# IP ? Software ?



## vsitor (28. November 2002)

hi leute, 
ich habe einen DSL anschluss mit flat.
ich will nen webserver für mich und nem kumpel bauen, aber weiss nicht welche software ich raufballern muss.

ich hab win98, will auch das betriebsystem behalten.
der server soll nur für mich und nem freund sein

ich will das er bei mir per ftp was hochladen kann und wir zb einen ordner zusammen nutzen.

ausserdem würde mich noch interessieren wie ich eine domain auf meine ip umleite !

ich hab ja nach nem zwanslogout der Telekom nach 24 h wieder ne neue IP.

was würdet IHR machen ?

ich habe auch schon server gemietet, aber mich interessiert das rein zum lernen wie man eine domain auf ner ip routet und wie ich einen server "erstelle" oder wie ich einen ftp account erstelle

besten dank 

vsitor


----------



## nouser (29. November 2002)

*...*

also...

- würd ich linux nehmen - wegen kostenloser software und so!

- als webserver den (klar was auch sonst) apache!

- nen ftp is bei linux garantiert dabei!

- das prob mit der ip kannste am besten mit dyndns lösen!

noch fragen?


----------



## vsitor (29. November 2002)

*fragen*

ja hab ich 

linux kost doch auch kohle oder nicht ?
dann muss ich mich da erst noch reinfuchsen.

apache ist bestimmt cool, hab da schon einiges drüber gelesen.

was ist dyndns ?

wie gesagt ist es nur ein server um gemeinsam über distanz auf div.ordner zuzugreifen.

sowas wie pc-anywhere oder jana-server ist da nicht für geeignet ???


----------



## cheating_phil (6. Dezember 2002)

*Re: fragen*



> _Original geschrieben von vsitor _
> linux kost doch auch kohle oder nicht ?



nein Linux ist kostenlos 



> _Original geschrieben von vsitor _
> was ist dyndns ?



DynDNS ist ein Service, der dir eine feste Domain (name.dyndns.org) bereitstellt, die auf deine aktuelle IP routet.

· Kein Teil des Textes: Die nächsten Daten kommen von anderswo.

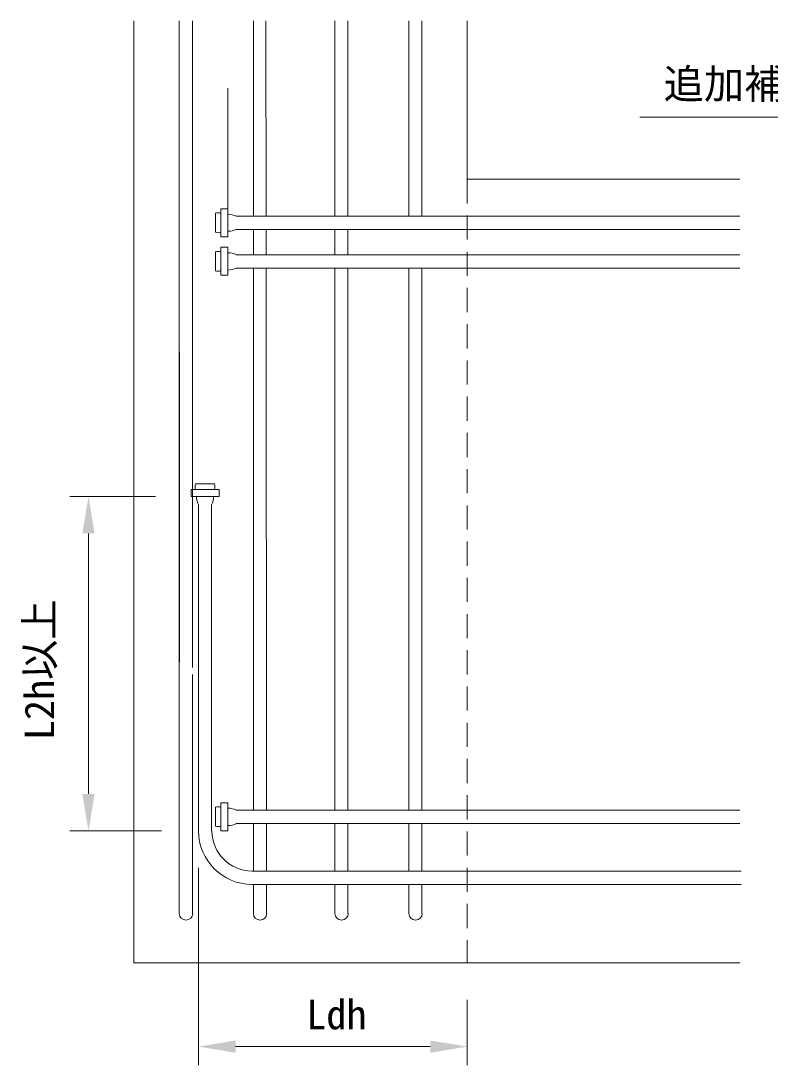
# Model space of a CAD drawing. Units: millimetres, scale not verified. Extents: x -25255 to 25671, y -15462 to 18552.
# Drawn here: x -19827 to -16108, y -8723 to -3536 of the extents above; entities that cross this region are included whole.
import ezdxf
from ezdxf.enums import TextEntityAlignment as Align

# ---------------------------------------------------------------- set-up
doc = ezdxf.new("R2010")
doc.units = ezdxf.units.MM
doc.header["$LTSCALE"] = 100
doc.linetypes.add('DASHED1', pattern=[1.8, 1.2, -0.6])
doc.linetypes.add('DASHED_SPACED', pattern=[12, 6, -6])
doc.layers.add('C-2_メモ', color=7, linetype='Continuous', lineweight=18)
doc.layers.add('C-7', color=7, linetype='Continuous', lineweight=18)
doc.styles.add('ＭＳ ゴシック', font='')
doc.styles.get('ＭＳ ゴシック').set_extended_font_data('MS Gothic')

msp = doc.modelspace()

# ---------------------------------------------------------------- linework, layer by layer
at = {"layer": 'C-2_メモ'}
for p, q in [((-19159.9, -5898.2), (-19583.9, -5898.2)), ((-19492, -6082.1), (-19492, -7376.2)), ((-19129.2, -7560), (-19583.9, -7560)), ((-18945.4, -7743.9), (-18945.4, -8723.3)), ((-17611.3, -8398.5), (-17611.3, -8723.3)), ((-17795.1, -8631.4), (-18761.5, -8631.4))]:
    msp.add_line(p, q, dxfattribs=at)
for points in [[(-19522.6, -6082.1), (-19461.4, -6082.1), (-19492, -5898.2)], [(-19522.6, -7376.2), (-19461.4, -7376.2), (-19492, -7560)], [(-18761.5, -8600.8), (-18761.5, -8662), (-18945.4, -8631.4)], [(-17795.1, -8600.8), (-17795.1, -8662), (-17611.3, -8631.4)]]:
    msp.add_solid(points, dxfattribs=at)
at = {"layer": 'C-7', "color": 5}
for p, q in [((-19265.9, -3535.6), (-19265.9, -8214.7)), ((-17611.3, -3535.6), (-17611.3, -4322.4)), ((-16257.8, -4322.4), (-17611.3, -4322.4)), ((-16257.8, -8214.7), (-19265.9, -8214.7))]:
    msp.add_line(p, q, dxfattribs=at)
at = {"layer": 'C-7', "color": 1}
for p, q in [((-19040.9, -7969.9), (-19040.9, -3535.6)), ((-18976.1, -6747.6), (-18976.1, -3535.6)), ((-18673.2, -4506.1), (-18673.2, -3535.6)), ((-18610.4, -4506.1), (-18611, -3535.6)), ((-18268.8, -4506.1), (-18268.8, -3535.6)), ((-18203.9, -4506.1), (-18203.9, -3535.6)), ((-17901.1, -4506.1), (-17901.1, -3535.6)), ((-17836.2, -4506.1), (-17836.2, -3535.6)), ((-18861.7, -4585.9), (-18861.7, -4491.2)), ((-18834.3, -4608.1), (-18834.3, -4469.1)), ((-18834.3, -4469.1), (-18799.5, -4469.1)), ((-18799.5, -4469.1), (-18799.5, -4608.1)), ((-18757.8, -4506.1), (-16257.8, -4506.1)), ((-18799.5, -4608.1), (-18834.3, -4608.1)), ((-18757.8, -4572.5), (-16257.8, -4572.5)), ((-18673.2, -4697.4), (-18673.2, -4572.5)), ((-18610.3, -4697.4), (-18610.4, -4572.5)), ((-18268.8, -4697.4), (-18268.8, -4572.5)), ((-18203.9, -4697.4), (-18203.9, -4572.5)), ((-18834.3, -4799.4), (-18834.3, -4660.4)), ((-18834.3, -4660.4), (-18799.5, -4660.4)), ((-18799.5, -4660.4), (-18799.5, -4799.4)), ((-18861.7, -4777.2), (-18861.7, -4682.5)), ((-18757.8, -4697.4), (-16257.8, -4697.4)), ((-18757.8, -4763.8), (-16257.8, -4763.8)), ((-18673.2, -7456.7), (-18673.2, -4763.8)), ((-18608.5, -7456.7), (-18610.2, -4763.8)), ((-18268.8, -7456.7), (-18268.8, -4763.8)), ((-18203.9, -7456.7), (-18203.9, -4763.8)), ((-17901.1, -7456.7), (-17901.1, -4763.8)), ((-17836.2, -7456.7), (-17836.2, -4763.8)), ((-18799.5, -4799.4), (-18834.3, -4799.4)), ((-19040.7, -6720.2), (-19040.7, -5179.2)), ((-18866, -5836.1), (-18960.7, -5836.1)), ((-18982.8, -5863.5), (-18982.8, -5898.2)), ((-18843.8, -5863.5), (-18982.8, -5863.5)), ((-18982.8, -5898.2), (-18843.8, -5898.2)), ((-18843.8, -5898.2), (-18843.8, -5863.5)), ((-18945.4, -7560), (-18945.4, -5940.6)), ((-18880.7, -7560), (-18880.7, -5939.6)), ((-18976.1, -7969.9), (-18976.1, -6782.4)), ((-18861.7, -7536.5), (-18861.7, -7441.8)), ((-18834.3, -7419.7), (-18799.5, -7419.7)), ((-18834.3, -7558.7), (-18834.3, -7419.7)), ((-18799.5, -7419.7), (-18799.5, -7558.7)), ((-18757.8, -7456.7), (-16257.8, -7456.7)), ((-18799.5, -7558.7), (-18834.3, -7558.7)), ((-18757.8, -7523.1), (-16257.8, -7523.1)), ((-18673.2, -7759.2), (-18673.2, -7523.1)), ((-18608.3, -7759.2), (-18608.4, -7523.1)), ((-18268.8, -7759.2), (-18268.8, -7523.1)), ((-18203.9, -7759.2), (-18203.9, -7523.1)), ((-17901.1, -7759.2), (-17901.1, -7523.1)), ((-17836.2, -7759.2), (-17836.2, -7523.1)), ((-18680.2, -7759.2), (-17802.1, -7759.2)), ((-17879.7, -7759.2), (-16250.4, -7759.2)), ((-17802.1, -7825.6), (-18680, -7825.6)), ((-18673.2, -7969.9), (-18673.2, -7825.6)), ((-18608.1, -7969.9), (-18608.2, -7825.6)), ((-18268.8, -7969.9), (-18268.8, -7825.6)), ((-18203.9, -7969.9), (-18203.9, -7825.6)), ((-17901.1, -7969.9), (-17901.1, -7825.6)), ((-17879.7, -7825.6), (-16250.4, -7825.6)), ((-17836.2, -7969.9), (-17836.2, -7825.6))]:
    msp.add_line(p, q, dxfattribs=at)
at = {"layer": 'C-7', "color": 5, "linetype": 'DASHED_SPACED'}
msp.add_line((-18799.5, -4469.1), (-18799.5, -3535.6), dxfattribs=at)
at = {"layer": 'C-7'}
msp.add_line((-15069.8, -4013.5), (-16754.2, -4013.5), dxfattribs=at)
at = {"layer": 'C-7', "color": 5, "linetype": 'DASHED1'}
msp.add_line((-17611.3, -4322.4), (-17611.3, -8214.7), dxfattribs=at)
at = {"layer": 'C-7', "color": 1}
for centre, radius, start, end in [((-18849, -4528.8), 39.7, 68.2389, 108.618), ((-18797, -4582.2), 85.6, 62.7277, 91.6466), ((-18849, -4548.3), 39.7, 251.382, 291.7611), ((-18797, -4494.9), 85.6, 268.3533, 297.2723), ((-18849, -4720.2), 39.7, 68.2389, 108.618), ((-18797, -4773.6), 85.6, 62.7277, 91.6466), ((-18797, -4687.7), 85.6, 268.3533, 297.2723), ((-18849, -4739.6), 39.7, 251.382, 291.7611), ((-18923, -5848.8), 39.7, 161.382, 201.7611), ((-18903.6, -5848.8), 39.7, 338.2389, 18.618), ((-18869.6, -5900.7), 85.6, 178.3534, 207.7885), ((-18957, -5900.7), 85.6, 332.7277, 1.6466), ((-18849, -7479.4), 39.7, 68.2389, 108.618), ((-18797, -7532.8), 85.6, 62.7277, 91.6466), ((-18679.8, -7560), 265.6, 180, 270), ((-18679.8, -7560), 199.2, 180, 270), ((-18849, -7498.9), 39.7, 251.382, 291.7611), ((-18797, -7447), 85.6, 268.3533, 297.2723), ((-19007.6, -7969.9), 33.3, 180, 0), ((-18639.9, -7969.9), 33.3, 180, 0), ((-18235.5, -7969.9), 33.3, 180, 0), ((-17867.8, -7969.9), 33.3, 180, 0)]:
    msp.add_arc(centre, radius, start, end, dxfattribs=at)

# ---------------------------------------------------------------- texts
at = {"layer": 'C-2_メモ', "style": 'ＭＳ ゴシック'}
for s, p in [('追加補強筋を配置', (-16635.9, -3966)), ('Ldh', (-18410.9, -8588.9))]:
    msp.add_text(s, height=146.6, dxfattribs=at).set_placement(p, align=Align.BOTTOM_LEFT)
msp.add_text('L2h以上', height=146.6, rotation=90, dxfattribs=at).set_placement((-19618.5, -7108.9), align=Align.BOTTOM_LEFT)

doc.saveas('drawing.dxf')

Ein guter zu empfehlender FTP-Server ist zum Beispiel der BPFTPD (BulletProof FTP-Server). Das ist ein sehr guter FTP-Server, der auch leicht zu konfigurieren ist.


----------



## Arne Buchwald (13. Januar 2003)

*Re: fragen*



> _Original geschrieben von vsitor _
> *wie gesagt ist es nur ein server um gemeinsam über distanz auf div.ordner zuzugreifen.
> 
> sowas wie pc-anywhere oder jana-server ist da nicht für geeignet ??? *


Wenn du nicht viel Ahnung von Linux hast und sowieso nur ein paar Dateien tauschen möchtest, würde ich das ganze auf Windows-Basis und dann mittels des Jana-Servers realisieren. FTP-Account erstellen, Rechte setzen, fertig.


----------